Fifty years after King delivered his famous “I Have a Dream” speech, speakers invoked his commitment to racial and economic equality, and the enduring need to carry on his legacy.
Dion Irish, who heads the city’s civil rights office, spoke of the need to “recommit ourselves” to honoring King’s work, “not just today, but every day.”
“Because it’s our dream, too,” he said to the crowd at the Boston Convention and Exhibition Center.
“True progress is widely shared. That’s what we believe in Boston. That’s what Dr. King believed.”
It was the city’s 43rd annual breakfast commemorating King’s life, the country’s oldest such event.
Governor Deval Patrick, in Washington, D.C., for the second inauguration of the nation’s first black president, said via video message that it was fitting the “two historic events should intersect.”
King imagined this day before many Americans could “conceive of blacks and whites drinking from the same fountain,” Patrick said to applause.
Patrick recalled going to hear King speak in Chicago as a young boy, maybe 6 or 7. He couldn’t remember what King said that day, but remembered the “deep solemnity of the occasion.”
“He imagined America as what he called a ‘beloved community,’ ” Patrick said.
Citing King’s famous words that “injustice anywhere is a threat to justice everywhere,” Patrick called for a renewed focus on curbing inner-city violence and narrowing achievement gaps between minority and white students.
In the same vein, Martha Coakley, the state’s attorney general, said her office would “commit ourselves to ending gun violence in America.”
“We can do this,” she said to applause.
The federal holiday lent a chance to reflect on King’s wisdom and sacrifice, she said.
Sonia Chang-Diaz, a state senator from Boston, said strong voter turnout in Massachusetts cities this past election served as a tribute to King’s memory.
“We stood in line for hours, and we cast our ballot,” she said. Following the proverb, “When you pray, move your feet,” low-income and minority voters were determined to be heard, she said.

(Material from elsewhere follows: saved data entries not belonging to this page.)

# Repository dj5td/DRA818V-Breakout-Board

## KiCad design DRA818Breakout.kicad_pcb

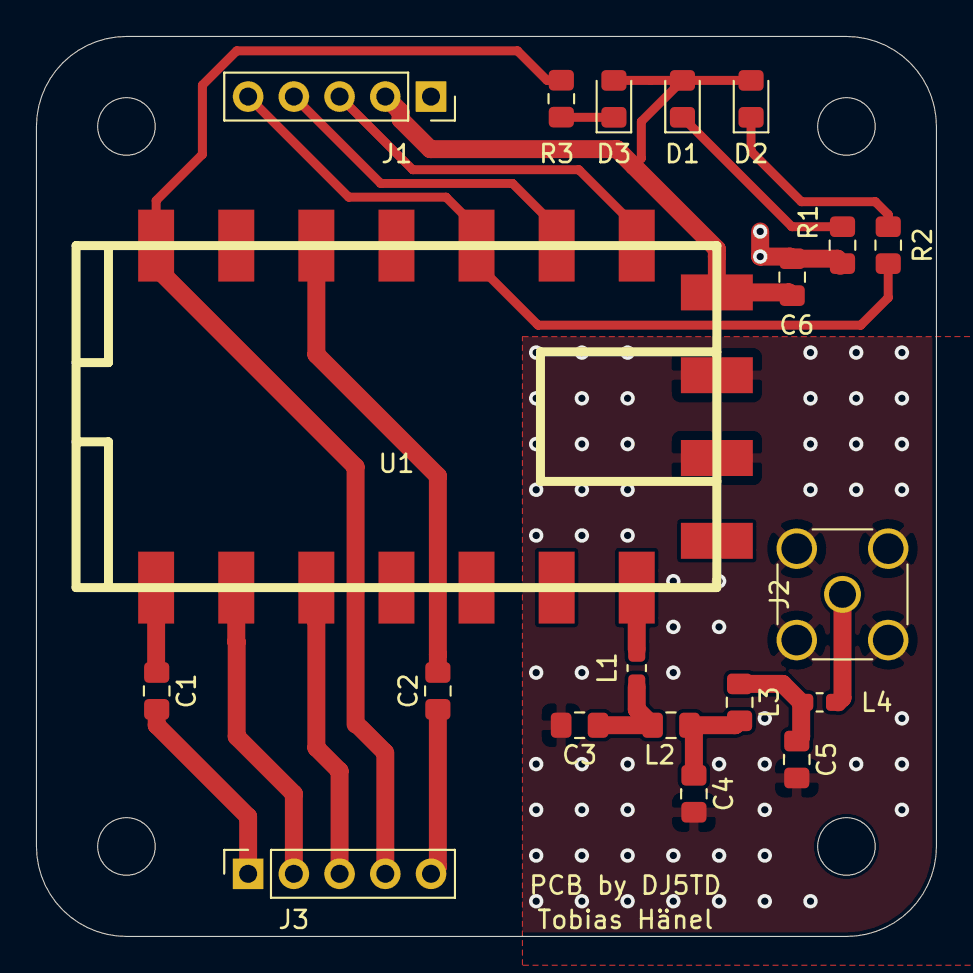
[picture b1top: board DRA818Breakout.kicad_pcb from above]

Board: 2 copper layers, 50.0 x 50.0 mm, 20 parts (0 on the bottom side), 20 nets.

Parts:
C1, C2: 100nF; C_0805_2012Metric_Pad1.15x1.40mm_HandSolder
C3, C5: 27pF; C_0805_2012Metric_Pad1.15x1.40mm_HandSolder
C4: 33pF; C_0805_2012Metric_Pad1.15x1.40mm_HandSolder
C6: 10 uF; C_0805_2012Metric_Pad1.15x1.40mm_HandSolder
D1, D2, D3: LED; LED_0805_2012Metric_Pad1.15x1.40mm_HandSolder
J1, J3: Conn_01x05_Male; PinSocket_1x05_P2.54mm_Vertical
J2: Conn_Coaxial; SMA_Amphenol_132291_Vertical
L1, L4: 62nH; L_0603_1608Metric_Pad1.05x0.95mm_HandSolder
L2, L3: 100nH; L_0805_2012Metric_Pad1.15x1.40mm_HandSolder
R1, R2, R3: 1KR; R_0805_2012Metric_Pad1.15x1.40mm_HandSolder
U1: DRA818V; DRA818U_handsolder

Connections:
GND: C3.2, C4.2, C5.2, C6.1, J1.1, J2.2, R1.1, U1.9, U1.10
unnamed: C1.1, U1.18
unnamed: C1.2, J3.1
unnamed: C2.1, J3.5
unnamed: C2.2, U1.3
unnamed: C3.1, L1.1, L2.2
unnamed: C4.1, L2.1, L3.2
unnamed: C5.1, L3.1, L4.2
unnamed: D1.1, R1.2
unnamed: D2.1, R2.2
unnamed: D3.1, R3.2
unnamed: J1.3, U1.7
unnamed: J1.4, U1.6
unnamed: J1.5, R2.1, U1.5
unnamed: J2.1, L4.1
unnamed: J3.2, U1.17
unnamed: J3.3, U1.16
unnamed: J3.4, R3.1, U1.1
unnamed: L1.2, U1.12
VCC: C6.2, D1.2, D2.2, D3.2, J1.2, U1.8
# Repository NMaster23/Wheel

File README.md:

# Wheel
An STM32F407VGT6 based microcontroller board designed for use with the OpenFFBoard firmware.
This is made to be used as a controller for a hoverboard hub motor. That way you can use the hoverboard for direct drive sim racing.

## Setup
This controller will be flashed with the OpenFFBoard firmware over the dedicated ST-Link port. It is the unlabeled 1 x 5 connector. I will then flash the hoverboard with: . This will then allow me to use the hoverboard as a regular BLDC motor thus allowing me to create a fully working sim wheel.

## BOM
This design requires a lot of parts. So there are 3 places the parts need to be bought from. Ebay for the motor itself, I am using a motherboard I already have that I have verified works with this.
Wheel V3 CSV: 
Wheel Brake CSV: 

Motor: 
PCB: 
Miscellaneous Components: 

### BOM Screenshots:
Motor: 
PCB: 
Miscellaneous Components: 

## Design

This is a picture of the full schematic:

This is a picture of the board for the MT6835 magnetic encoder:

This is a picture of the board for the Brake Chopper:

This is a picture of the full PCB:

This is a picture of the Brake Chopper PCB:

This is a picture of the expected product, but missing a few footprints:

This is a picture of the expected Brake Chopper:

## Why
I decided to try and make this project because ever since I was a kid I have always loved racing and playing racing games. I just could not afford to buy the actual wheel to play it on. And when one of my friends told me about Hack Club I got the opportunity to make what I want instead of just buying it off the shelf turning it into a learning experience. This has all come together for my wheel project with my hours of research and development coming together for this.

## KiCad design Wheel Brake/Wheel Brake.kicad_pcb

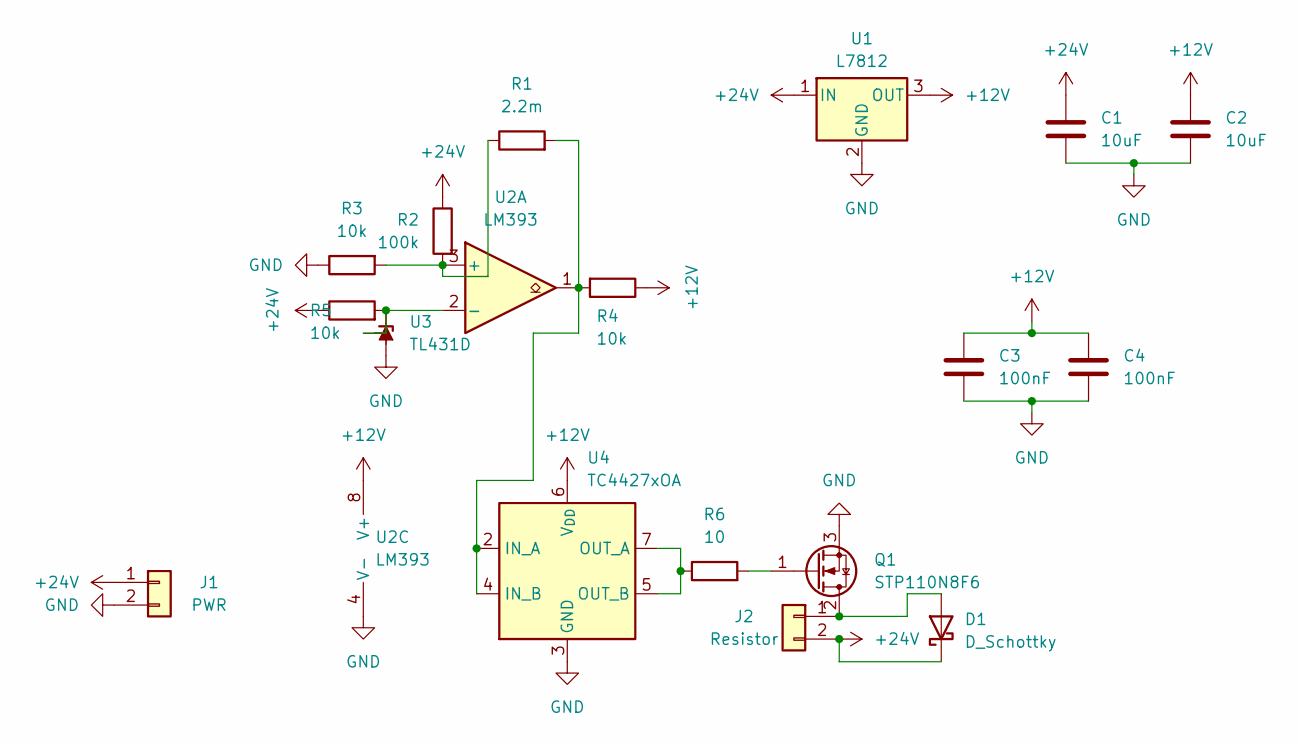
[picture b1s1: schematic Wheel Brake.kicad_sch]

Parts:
C1, C2: 10uF; C_0805_2012Metric
C3, C4: 100nF; C_0805_2012Metric
D1: D_Schottky; TO-220-2_Vertical
J1: PWR; AMASS_XT60-M_1x02_P7.20mm_Vertical
J2: Resistor; AMASS_XT60-M_1x02_P7.20mm_Vertical
Q1: STP110N8F6; TO-220-3_Vertical
R1: 2.2m; R_0805_2012Metric
R2: 100k; R_0805_2012Metric
R3, R4, R5: 10k; R_0805_2012Metric
R6: 10; R_0805_2012Metric
U1: L7812; Converter_DCDC_RECOM_R-78E-0.5_THT
U2: LM393; SOIC-8_3.9x4.9mm_P1.27mm
U3: TL431D; SOIC-8_3.9x4.9mm_P1.27mm
U4: TC4427xOA; SOIC-8_3.9x4.9mm_P1.27mm

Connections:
+12V: C2.1, C3.1, C4.1, R4.1, U1.3 (OUT), U2.8 (V+), U4.6 (V_{DD})
+24V: C1.1, D1.1 (K), J1.1, J2.2, R2.1, R5.1, U1.1 (IN)
GND: C1.2, C2.2, C3.2, C4.2, J1.2, Q1.3 (S), R3.1, U1.2 (GND), U2.4 (V-), U3.2 (A), U3.3 (A), U3.6 (A), U3.7 (A), U4.3 (GND)
unnamed: D1.2 (A), J2.1, Q1.2 (D)
unnamed: Q1.1 (G), R6.2
unnamed: R1.1, R2.2, R3.2, U2.3 (+)
unnamed: R5.2, U2.2 (-), U3.1 (K), U3.8 (REF)
unnamed: R1.2, R4.2, U2.1, U4.2 (IN_A), U4.4 (IN_B)
unnamed: R6.1, U4.5 (OUT_B), U4.7 (OUT_A)

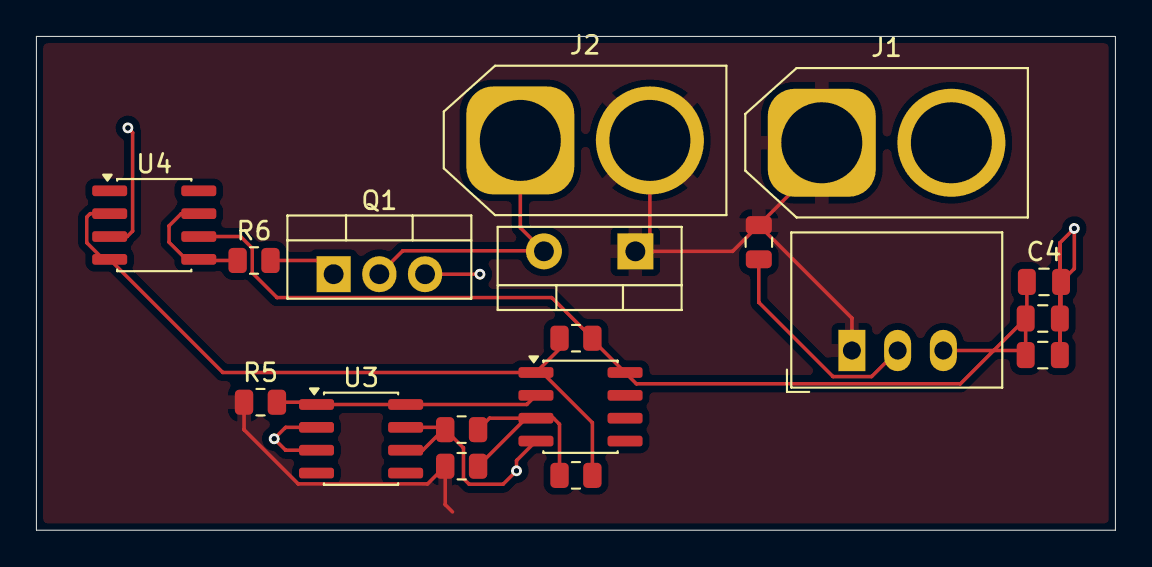
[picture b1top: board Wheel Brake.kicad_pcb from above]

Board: 2 copper layers, 59.9 x 27.4 mm, 18 parts (0 on the bottom side), 9 nets.

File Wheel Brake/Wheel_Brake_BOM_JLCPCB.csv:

Comment,Designator,Footprint,LCSC Part #
10uF,"C1,C2",C_0805_2012Metric,C15850
100nF,"C3,C4",C_0805_2012Metric,C49678
D_Schottky - NEEDS PART SELECTION,D1,TO-220-2_Vertical,TBD
PWR (XT60 Male),J1,AMASS_XT60-M_1x02_P7.20mm_Vertical,C98733
Resistor Tap (XT60 Male),J2,AMASS_XT60-M_1x02_P7.20mm_Vertical,C98733
STP110N8F6,Q1,TO-220-3_Vertical,C81146
2.2mOhm Shunt - NEEDS SOURCING,R1,R_0805_2012Metric,TBD
100k,R2,R_0805_2012Metric,C17407
10k,"R3,R4,R5",R_0805_2012Metric,C17414
10 - VERIFY VALUE,R6,R_0805_2012Metric,TBD
R-78E12-0.5 (DC/DC 24V->12V) - NOT STOCKED,U1,Converter_DCDC_RECOM_R-78E-0.5_THT,TBD
LM393,U2,SOIC-8_3.9x4.9mm_P1.27mm,C136033
TL431ACDT,U3,SOIC-8_3.9x4.9mm_P1.27mm,C6969
TC4427AEOA,U4,SOIC-8_3.9x4.9mm_P1.27mm,C18690

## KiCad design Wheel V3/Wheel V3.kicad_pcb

“We do not exist in the shadows of democracy,” she said.
Several speakers noted King’s ties to Boston. He attended graduate school at Boston University in the early 1950s, earning a doctorate in theology in 1955, and delivered sermons at the Twelfth Baptist Church in Roxbury.
“We have reduced his contribution to an ephemeral dream,” he said. “We have deprived King’s legacy of its potency.”
In the mid-1960s, King became more outspoken against the country’s “imperialist practices” abroad and the concentration of wealth and power in American society. He could no longer “turn a blind eye” to the country’s “moral failings,” Walton said.
“He moved beyond civil rights to human rights,” he said to applause. “King matured. He woke up.”
But over time, King’s more controversial views have been glossed over, Walton said. That has led the country to celebrate its racial progress while ignoring the deep inequalities that remain, he said.
“It’s easier to celebrate a dead icon than heed the admonitions of a living prophet,” he said, adding that King’s work is best honored by actions, rather than words.